Required action: Return each entry precisely as it appears below.

Extracted data:
————

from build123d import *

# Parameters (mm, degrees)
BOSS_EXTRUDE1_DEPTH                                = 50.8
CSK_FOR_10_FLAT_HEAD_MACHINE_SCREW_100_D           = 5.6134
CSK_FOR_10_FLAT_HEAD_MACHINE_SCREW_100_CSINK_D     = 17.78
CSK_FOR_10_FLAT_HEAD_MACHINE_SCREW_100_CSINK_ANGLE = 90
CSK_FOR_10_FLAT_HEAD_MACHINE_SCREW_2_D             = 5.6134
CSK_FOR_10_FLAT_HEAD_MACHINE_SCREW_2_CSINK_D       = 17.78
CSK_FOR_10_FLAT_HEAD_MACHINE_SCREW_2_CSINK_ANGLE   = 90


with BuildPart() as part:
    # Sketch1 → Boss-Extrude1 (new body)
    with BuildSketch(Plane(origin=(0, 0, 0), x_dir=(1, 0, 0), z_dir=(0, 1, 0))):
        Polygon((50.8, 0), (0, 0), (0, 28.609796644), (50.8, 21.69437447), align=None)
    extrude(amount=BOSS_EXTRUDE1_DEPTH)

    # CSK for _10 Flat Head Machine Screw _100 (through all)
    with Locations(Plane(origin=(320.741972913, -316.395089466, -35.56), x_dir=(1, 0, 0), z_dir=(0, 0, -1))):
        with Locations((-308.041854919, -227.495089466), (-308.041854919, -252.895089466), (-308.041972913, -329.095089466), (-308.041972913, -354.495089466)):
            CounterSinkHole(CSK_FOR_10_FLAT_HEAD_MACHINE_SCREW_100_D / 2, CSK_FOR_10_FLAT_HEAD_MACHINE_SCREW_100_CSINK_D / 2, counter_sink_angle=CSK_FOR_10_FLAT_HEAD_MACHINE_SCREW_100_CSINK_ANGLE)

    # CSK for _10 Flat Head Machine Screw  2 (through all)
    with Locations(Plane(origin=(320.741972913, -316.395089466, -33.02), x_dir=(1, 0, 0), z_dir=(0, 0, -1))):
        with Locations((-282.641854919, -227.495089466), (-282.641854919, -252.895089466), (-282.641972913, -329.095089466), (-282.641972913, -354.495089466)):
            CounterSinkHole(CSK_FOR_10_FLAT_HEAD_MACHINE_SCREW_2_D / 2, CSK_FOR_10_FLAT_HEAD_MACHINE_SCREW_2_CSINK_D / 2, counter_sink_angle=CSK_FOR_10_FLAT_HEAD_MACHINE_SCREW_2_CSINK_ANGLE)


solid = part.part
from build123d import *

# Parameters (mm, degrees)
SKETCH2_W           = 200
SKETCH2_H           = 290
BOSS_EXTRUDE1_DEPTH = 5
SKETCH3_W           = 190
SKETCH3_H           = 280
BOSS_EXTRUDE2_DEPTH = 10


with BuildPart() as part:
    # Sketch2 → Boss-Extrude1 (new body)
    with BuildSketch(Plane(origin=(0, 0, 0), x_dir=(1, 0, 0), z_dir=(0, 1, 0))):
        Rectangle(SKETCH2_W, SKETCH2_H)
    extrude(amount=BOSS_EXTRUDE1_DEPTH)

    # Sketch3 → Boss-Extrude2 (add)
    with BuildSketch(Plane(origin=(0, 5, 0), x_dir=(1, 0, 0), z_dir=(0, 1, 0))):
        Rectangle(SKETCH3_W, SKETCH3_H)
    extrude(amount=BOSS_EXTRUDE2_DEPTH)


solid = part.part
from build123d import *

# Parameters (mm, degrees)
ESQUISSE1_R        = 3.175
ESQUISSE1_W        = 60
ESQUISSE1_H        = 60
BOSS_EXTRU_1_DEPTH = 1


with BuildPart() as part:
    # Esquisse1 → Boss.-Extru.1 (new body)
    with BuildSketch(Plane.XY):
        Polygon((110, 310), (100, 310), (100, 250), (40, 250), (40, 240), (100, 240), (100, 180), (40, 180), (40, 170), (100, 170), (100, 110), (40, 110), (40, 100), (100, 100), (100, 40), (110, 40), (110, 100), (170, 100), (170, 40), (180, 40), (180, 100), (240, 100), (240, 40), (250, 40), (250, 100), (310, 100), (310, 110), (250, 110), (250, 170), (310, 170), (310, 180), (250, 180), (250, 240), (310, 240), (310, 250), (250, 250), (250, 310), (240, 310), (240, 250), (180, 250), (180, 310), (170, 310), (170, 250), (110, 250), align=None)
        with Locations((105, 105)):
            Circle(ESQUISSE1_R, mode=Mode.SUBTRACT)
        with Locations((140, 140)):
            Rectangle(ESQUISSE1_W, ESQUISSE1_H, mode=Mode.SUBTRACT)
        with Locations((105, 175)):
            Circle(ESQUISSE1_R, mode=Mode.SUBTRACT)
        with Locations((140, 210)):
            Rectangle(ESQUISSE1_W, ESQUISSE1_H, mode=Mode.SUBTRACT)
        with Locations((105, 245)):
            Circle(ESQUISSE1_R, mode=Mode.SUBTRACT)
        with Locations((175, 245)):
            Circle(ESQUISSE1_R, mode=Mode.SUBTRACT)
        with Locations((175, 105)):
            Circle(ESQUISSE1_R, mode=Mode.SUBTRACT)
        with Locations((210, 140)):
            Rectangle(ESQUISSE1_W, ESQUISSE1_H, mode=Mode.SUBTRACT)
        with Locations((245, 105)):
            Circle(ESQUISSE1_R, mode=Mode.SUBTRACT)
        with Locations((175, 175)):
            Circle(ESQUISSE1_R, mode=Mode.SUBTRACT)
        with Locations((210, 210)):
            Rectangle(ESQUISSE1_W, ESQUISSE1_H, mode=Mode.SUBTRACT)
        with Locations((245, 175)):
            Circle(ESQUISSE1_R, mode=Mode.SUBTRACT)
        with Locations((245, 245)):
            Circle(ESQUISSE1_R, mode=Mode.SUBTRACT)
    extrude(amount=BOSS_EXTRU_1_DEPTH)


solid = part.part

————

Your response:
from build123d import *

# Parameters (mm, degrees)
BOSS_EXTRUDE1_DEPTH                                = 50.8
CSK_FOR_10_FLAT_HEAD_MACHINE_SCREW_100_D           = 5.6134
CSK_FOR_10_FLAT_HEAD_MACHINE_SCREW_100_CSINK_D     = 17.78
CSK_FOR_10_FLAT_HEAD_MACHINE_SCREW_100_CSINK_ANGLE = 90
CSK_FOR_10_FLAT_HEAD_MACHINE_SCREW_2_D             = 5.6134
CSK_FOR_10_FLAT_HEAD_MACHINE_SCREW_2_CSINK_D       = 17.78
CSK_FOR_10_FLAT_HEAD_MACHINE_SCREW_2_CSINK_ANGLE   = 90


with BuildPart() as part:
    # Sketch1 → Boss-Extrude1 (new body)
    with BuildSketch(Plane(origin=(0, 0, 0), x_dir=(1, 0, 0), z_dir=(0, 1, 0))):
        Polygon((50.8, 0), (0, 0), (0, 28.609796644), (50.8, 21.69437447), align=None)
    extrude(amount=BOSS_EXTRUDE1_DEPTH)

    # CSK for _10 Flat Head Machine Screw _100 (through all)
    with Locations(Plane(origin=(320.741972913, -316.395089466, -35.56), x_dir=(1, 0, 0), z_dir=(0, 0, -1))):
        with Locations((-308.041854919, -227.495089466), (-308.041854919, -252.895089466), (-308.041972913, -329.095089466), (-308.041972913, -354.495089466)):
            CounterSinkHole(CSK_FOR_10_FLAT_HEAD_MACHINE_SCREW_100_D / 2, CSK_FOR_10_FLAT_HEAD_MACHINE_SCREW_100_CSINK_D / 2, counter_sink_angle=CSK_FOR_10_FLAT_HEAD_MACHINE_SCREW_100_CSINK_ANGLE)

    # CSK for _10 Flat Head Machine Screw  2 (through all)
    with Locations(Plane(origin=(320.741972913, -316.395089466, -33.02), x_dir=(1, 0, 0), z_dir=(0, 0, -1))):
        with Locations((-282.641854919, -227.495089466), (-282.641854919, -252.895089466), (-282.641972913, -329.095089466), (-282.641972913, -354.495089466)):
            CounterSinkHole(CSK_FOR_10_FLAT_HEAD_MACHINE_SCREW_2_D / 2, CSK_FOR_10_FLAT_HEAD_MACHINE_SCREW_2_CSINK_D / 2, counter_sink_angle=CSK_FOR_10_FLAT_HEAD_MACHINE_SCREW_2_CSINK_ANGLE)


solid = part.part
from build123d import *

# Parameters (mm, degrees)
SKETCH2_W           = 200
SKETCH2_H           = 290
BOSS_EXTRUDE1_DEPTH = 5
SKETCH3_W           = 190
SKETCH3_H           = 280
BOSS_EXTRUDE2_DEPTH = 10


with BuildPart() as part:
    # Sketch2 → Boss-Extrude1 (new body)
    with BuildSketch(Plane(origin=(0, 0, 0), x_dir=(1, 0, 0), z_dir=(0, 1, 0))):
        Rectangle(SKETCH2_W, SKETCH2_H)
    extrude(amount=BOSS_EXTRUDE1_DEPTH)

    # Sketch3 → Boss-Extrude2 (add)
    with BuildSketch(Plane(origin=(0, 5, 0), x_dir=(1, 0, 0), z_dir=(0, 1, 0))):
        Rectangle(SKETCH3_W, SKETCH3_H)
    extrude(amount=BOSS_EXTRUDE2_DEPTH)


solid = part.part
from build123d import *

# Parameters (mm, degrees)
ESQUISSE1_R        = 3.175
ESQUISSE1_W        = 60
ESQUISSE1_H        = 60
BOSS_EXTRU_1_DEPTH = 1


with BuildPart() as part:
    # Esquisse1 → Boss.-Extru.1 (new body)
    with BuildSketch(Plane.XY):
        Polygon((110, 310), (100, 310), (100, 250), (40, 250), (40, 240), (100, 240), (100, 180), (40, 180), (40, 170), (100, 170), (100, 110), (40, 110), (40, 100), (100, 100), (100, 40), (110, 40), (110, 100), (170, 100), (170, 40), (180, 40), (180, 100), (240, 100), (240, 40), (250, 40), (250, 100), (310, 100), (310, 110), (250, 110), (250, 170), (310, 170), (310, 180), (250, 180), (250, 240), (310, 240), (310, 250), (250, 250), (250, 310), (240, 310), (240, 250), (180, 250), (180, 310), (170, 310), (170, 250), (110, 250), align=None)
        with Locations((105, 105)):
            Circle(ESQUISSE1_R, mode=Mode.SUBTRACT)
        with Locations((140, 140)):
            Rectangle(ESQUISSE1_W, ESQUISSE1_H, mode=Mode.SUBTRACT)
        with Locations((105, 175)):
            Circle(ESQUISSE1_R, mode=Mode.SUBTRACT)
        with Locations((140, 210)):
            Rectangle(ESQUISSE1_W, ESQUISSE1_H, mode=Mode.SUBTRACT)
        with Locations((105, 245)):
            Circle(ESQUISSE1_R, mode=Mode.SUBTRACT)
        with Locations((175, 245)):
            Circle(ESQUISSE1_R, mode=Mode.SUBTRACT)
        with Locations((175, 105)):
            Circle(ESQUISSE1_R, mode=Mode.SUBTRACT)
        with Locations((210, 140)):
            Rectangle(ESQUISSE1_W, ESQUISSE1_H, mode=Mode.SUBTRACT)
        with Locations((245, 105)):
            Circle(ESQUISSE1_R, mode=Mode.SUBTRACT)
        with Locations((175, 175)):
            Circle(ESQUISSE1_R, mode=Mode.SUBTRACT)
        with Locations((210, 210)):
            Rectangle(ESQUISSE1_W, ESQUISSE1_H, mode=Mode.SUBTRACT)
        with Locations((245, 175)):
            Circle(ESQUISSE1_R, mode=Mode.SUBTRACT)
        with Locations((245, 245)):
            Circle(ESQUISSE1_R, mode=Mode.SUBTRACT)
    extrude(amount=BOSS_EXTRU_1_DEPTH)


solid = part.part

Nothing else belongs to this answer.